LA QUASI-TOTALITÉ des généralistes présents connaissent les résultats des grands essais cliniques et déclarent en tenir compte dans leur pratique, quand cela est possible c’est-à-dire quand les patients acceptent de suivre leurs prescriptions.
Ainsi l’étude UKPDS et le suivi des patients pendant 10 ans supplémentaires (au total 20 ans) montrent qu’il faut traiter le diabète de type 2 le plus tôt possible et efficacement (les malades ont en moyenne, 53 ans, à l’inclusion). Très bien répondent les généralistes mais les évolutions des définitions ont incontestablement eu un petit effet démobilisateur : l’abandon de l’HGPo (Hypoglycémie provoquée orale), l’arrivée de l’hémoglobine glyquée ont un peu brouillé les pistes. Le Pr Bernard Bauduceau répond que le diabète est défini par une glycémie à jeun supérieure à 1,25 g/l et que entre 1 et 1,25 on parle désormais de prédiabète qui relève non pas de prescription médicamenteuse mais de mesures hygiénodiététiques.
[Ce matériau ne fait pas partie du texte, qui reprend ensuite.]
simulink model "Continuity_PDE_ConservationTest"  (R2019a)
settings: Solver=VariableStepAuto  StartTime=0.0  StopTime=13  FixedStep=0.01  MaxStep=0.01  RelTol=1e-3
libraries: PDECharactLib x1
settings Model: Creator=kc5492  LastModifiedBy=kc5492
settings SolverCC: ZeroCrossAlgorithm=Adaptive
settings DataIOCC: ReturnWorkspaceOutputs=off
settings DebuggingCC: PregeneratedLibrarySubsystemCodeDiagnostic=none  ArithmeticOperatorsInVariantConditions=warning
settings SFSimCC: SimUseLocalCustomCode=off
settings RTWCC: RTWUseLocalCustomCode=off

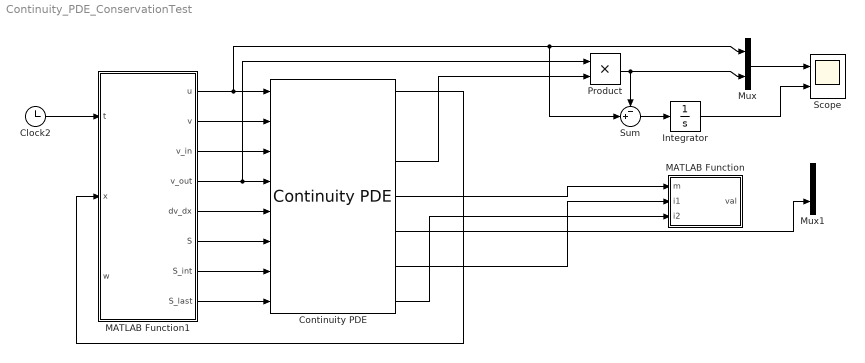
== system Continuity_PDE_ConservationTest ==
  Clock2 : Clock
  Continuity PDE : PDECharactLib/Continuity PDE  ell=1  Nmax=100  x0=0:0.1:1  w0=zeros(1,11)  m0=zeros(1,10)  initM_tot=0  initX=0  initW=0  initM=0  dx=0.1  dw=inf  dt=0.1  crossing_tol=1e-11  overflow_err=off
  Integrator : Integrator
  MATLAB Function : MATLAB Function  TreatAsAtomicUnit=on
  MATLAB Function1 : MATLAB Function  TreatAsAtomicUnit=on
  Mux : Mux  Inputs=2
  Mux1 : Mux  Inputs=2
  Product : Product
  Scope : Scope  NumInputPorts=2
  Sum : Sum  Inputs=-+|
  wires:
  Clock2/1 -> MATLAB Function1/1(t)
  Sum/1 -> Integrator/1
  MATLAB Function1/1(u) -> Sum/2, Mux/1, Continuity PDE/1
  Continuity PDE/1 -> MATLAB Function1/2(x)
  MATLAB Function1/2(v) -> Continuity PDE/2
  MATLAB Function1/5(dv_dx) -> Continuity PDE/5
  MATLAB Function1/6(S) -> Continuity PDE/6
  MATLAB Function1/7(S_int) -> Continuity PDE/7
  MATLAB Function1/8(S_last) -> Continuity PDE/8
  Product/1 -> Sum/1, Mux/2
  Mux/1 -> Scope/1
  MATLAB Function1/4(v_out) -> Product/1, Continuity PDE/4
  Continuity PDE/3 -> Product/2
  MATLAB Function1/3(v_in) -> Continuity PDE/3
  Continuity PDE/4 -> MATLAB Function/1(m)
  Continuity PDE/6 -> MATLAB Function/2(i1)
  Continuity PDE/7 -> MATLAB Function/3(i2)
  Continuity PDE/5 -> Mux1/2
  Integrator/1 -> Scope/2

== matlab function Continuity_PDE_ConservationTest/MATLAB Function1 ==
  data: u output; t input; v output; v_in output; x input; w input; v_out output; dv_dx output; S output; S_int output; S_last output
function [u, v, v_in, v_out, dv_dx, S, S_int, S_last] = equationTerms(t, x, w)

% ell = 1

v = x + 1.1 + sin(t);
v_in = 0 + 1.1 + sin(t);
v_out = 1 + 1.1 + sin(t);
dv_dx = ones(length(x), 1);
S = 0*x;
S_int = 0*x;
S_last = 0;
u = (t >= 2) * (t <= 10) * (1 + cos(pi/2*t))/2;

== matlab function Continuity_PDE_ConservationTest/MATLAB Function ==
  data: m input; i1 input; val output; i2 input
function val = tester(m, i1, i2)

if i1 < i2
    ind = i1:i2;
else
    ind = [i1:100, 1:i2];
end

val = length(ind);
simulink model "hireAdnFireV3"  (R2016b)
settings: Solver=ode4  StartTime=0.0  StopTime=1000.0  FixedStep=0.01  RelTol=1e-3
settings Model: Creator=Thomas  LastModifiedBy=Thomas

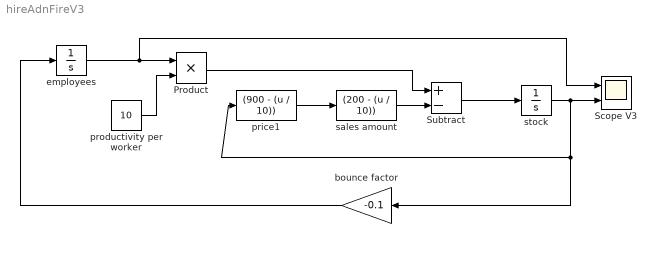
== system hireAdnFireV3 ==
  Product : Product
  Scope V3 : Scope  NumInputPorts=2
  Subtract : Sum  Inputs=+-
  bounce factor : Gain  Gain=-0.1
  employees : Integrator  InitialCondition=50
  price1 : Fcn  Expr=(900 - (u / 10))
  productivity per worker : Constant  Value=10
  sales amount : Fcn  Expr=(200 - (u / 10))
  stock : Integrator
  wires:
  productivity per worker/1 -> Product/2
  employees/1 -> Scope V3/1, Product/1
  stock/1 -> bounce factor/1, price1/1, Scope V3/2
  bounce factor/1 -> employees/1
  price1/1 -> sales amount/1
  Subtract/1 -> stock/1
  sales amount/1 -> Subtract/2
  Product/1 -> Subtract/1

À commencer par l’exercice physique qui, souligne le Pr Bauduceau, réunit toutes les qualités que l’on peut demander à un traitement du diabète de type 2 ; il est efficace et sans effet secondaire, en particulier, sans prise de poids ou hypoglycémie. Il a un effet favorable sur la prévention du diabète et sur la prévention cardio-vasculaire ; on peut l’associer aux autres traitements et il est peu coûteux.
Oui, mais répondent les généralistes, il est très difficile d’obtenir un changement d’habitudes des patients, le diabète de type 2 étant une maladie chronique sans symptômes : « on n’accepte pas la chronicité indolore » dit l’un d’eux ! Il est d’ailleurs tout aussi difficile d’obtenir une observance au long cours, comme en témoigne l’histoire de ce monsieur qui, dans un premier temps, avait parfaitement joué le jeu ce qui lui avait permis de perdre 20 kg et de ramener son taux de HbA1c à 6,5 %. Puis il est perdu de vue et quelques années plus tard il revient voir son généraliste avec un taux de 11 % ; des soucis l’avaient conduit à baisser les bras. Un cas qui est loin d’être isolé, visiblement !
Laisser le temps au temps.
Pourtant, les généralistes ont bien retenu des essais cliniques que les bénéfices cardio-vasculaires s’inscrivent dans la durée et tous se sont appropriés le concept de mémoire glycémique ou métabolique. « En effet, si la prévention des complications microangiopathiques s’observe rapidement, la réduction de l’incidence des complications macroangiopathiques n’apparaît qu’après quelques années (3 à 4 ans) d’autant plus vite et plus nettement que le contrôle intensif s’inscrit dans un programme global de correction des facteurs de risque cardio-vasculaire ».
Le renforcement des convictions profondes.
Dans d’autres domaines, les essais cliniques n’ont fait que conforter des habitudes de bon sens, notamment en ce qui concerne le taux d’HbA1c à atteindre en fonction du terrain et la rapidité de la correction du trouble métabolique.
L’important c’est de ne pas nuire et donc d’obtenir un contrôle d’autant plus progressif que le patient est fragile, les généralistes avaient déjà adopté cette approche prudente du traitement intensif mais les résultats des études ACCORD et ADVANCE ont conforté leur point de vue. Rappelons que dans ACCORD on observe une baisse de 1,4 % de l’HbA1c en 4 mois avec à la clé une augmentation des hypoglycémies, des événements cardio-vasculaire et de la mortalité. Des faits qui ne sont pas rapportés dans ADVANCE où un protocole intensif mais progressif, à base de gliclazide entraîne une baisse du taux d’HbA1c de seulement 0,5 % en six mois. Ce qui fait dire au Pr Bauduceau que le mieux est parfois l’ennemi du bien.
Les essais cliniques ne sont pas utilisés pour convaincre les patients.
Si, globalement, les généralistes ont intégré les résultats des grands essais cliniques à leur pratique, ils ne se servent pas de ces essais pour convaincre leurs patients. Ils préfèrent faire état des « dernières avancées de la recherche », de « données qui viennent des spécialistes hospitaliers » plutôt que de se lancer dans l’analyse de résultats qui sont difficiles à vulgariser, à expliquer. En effet, le niveau d’information des malades est jugé souvent insuffisant pour permettre la compréhension de données relativement complexes. Si bien qu’on ne peut pas espérer ainsi mobiliser davantage pour une prise en charge efficace du diabète de type 2.
(1) Réunion organisée avec le soutien institutionnel des laboratoires Servier.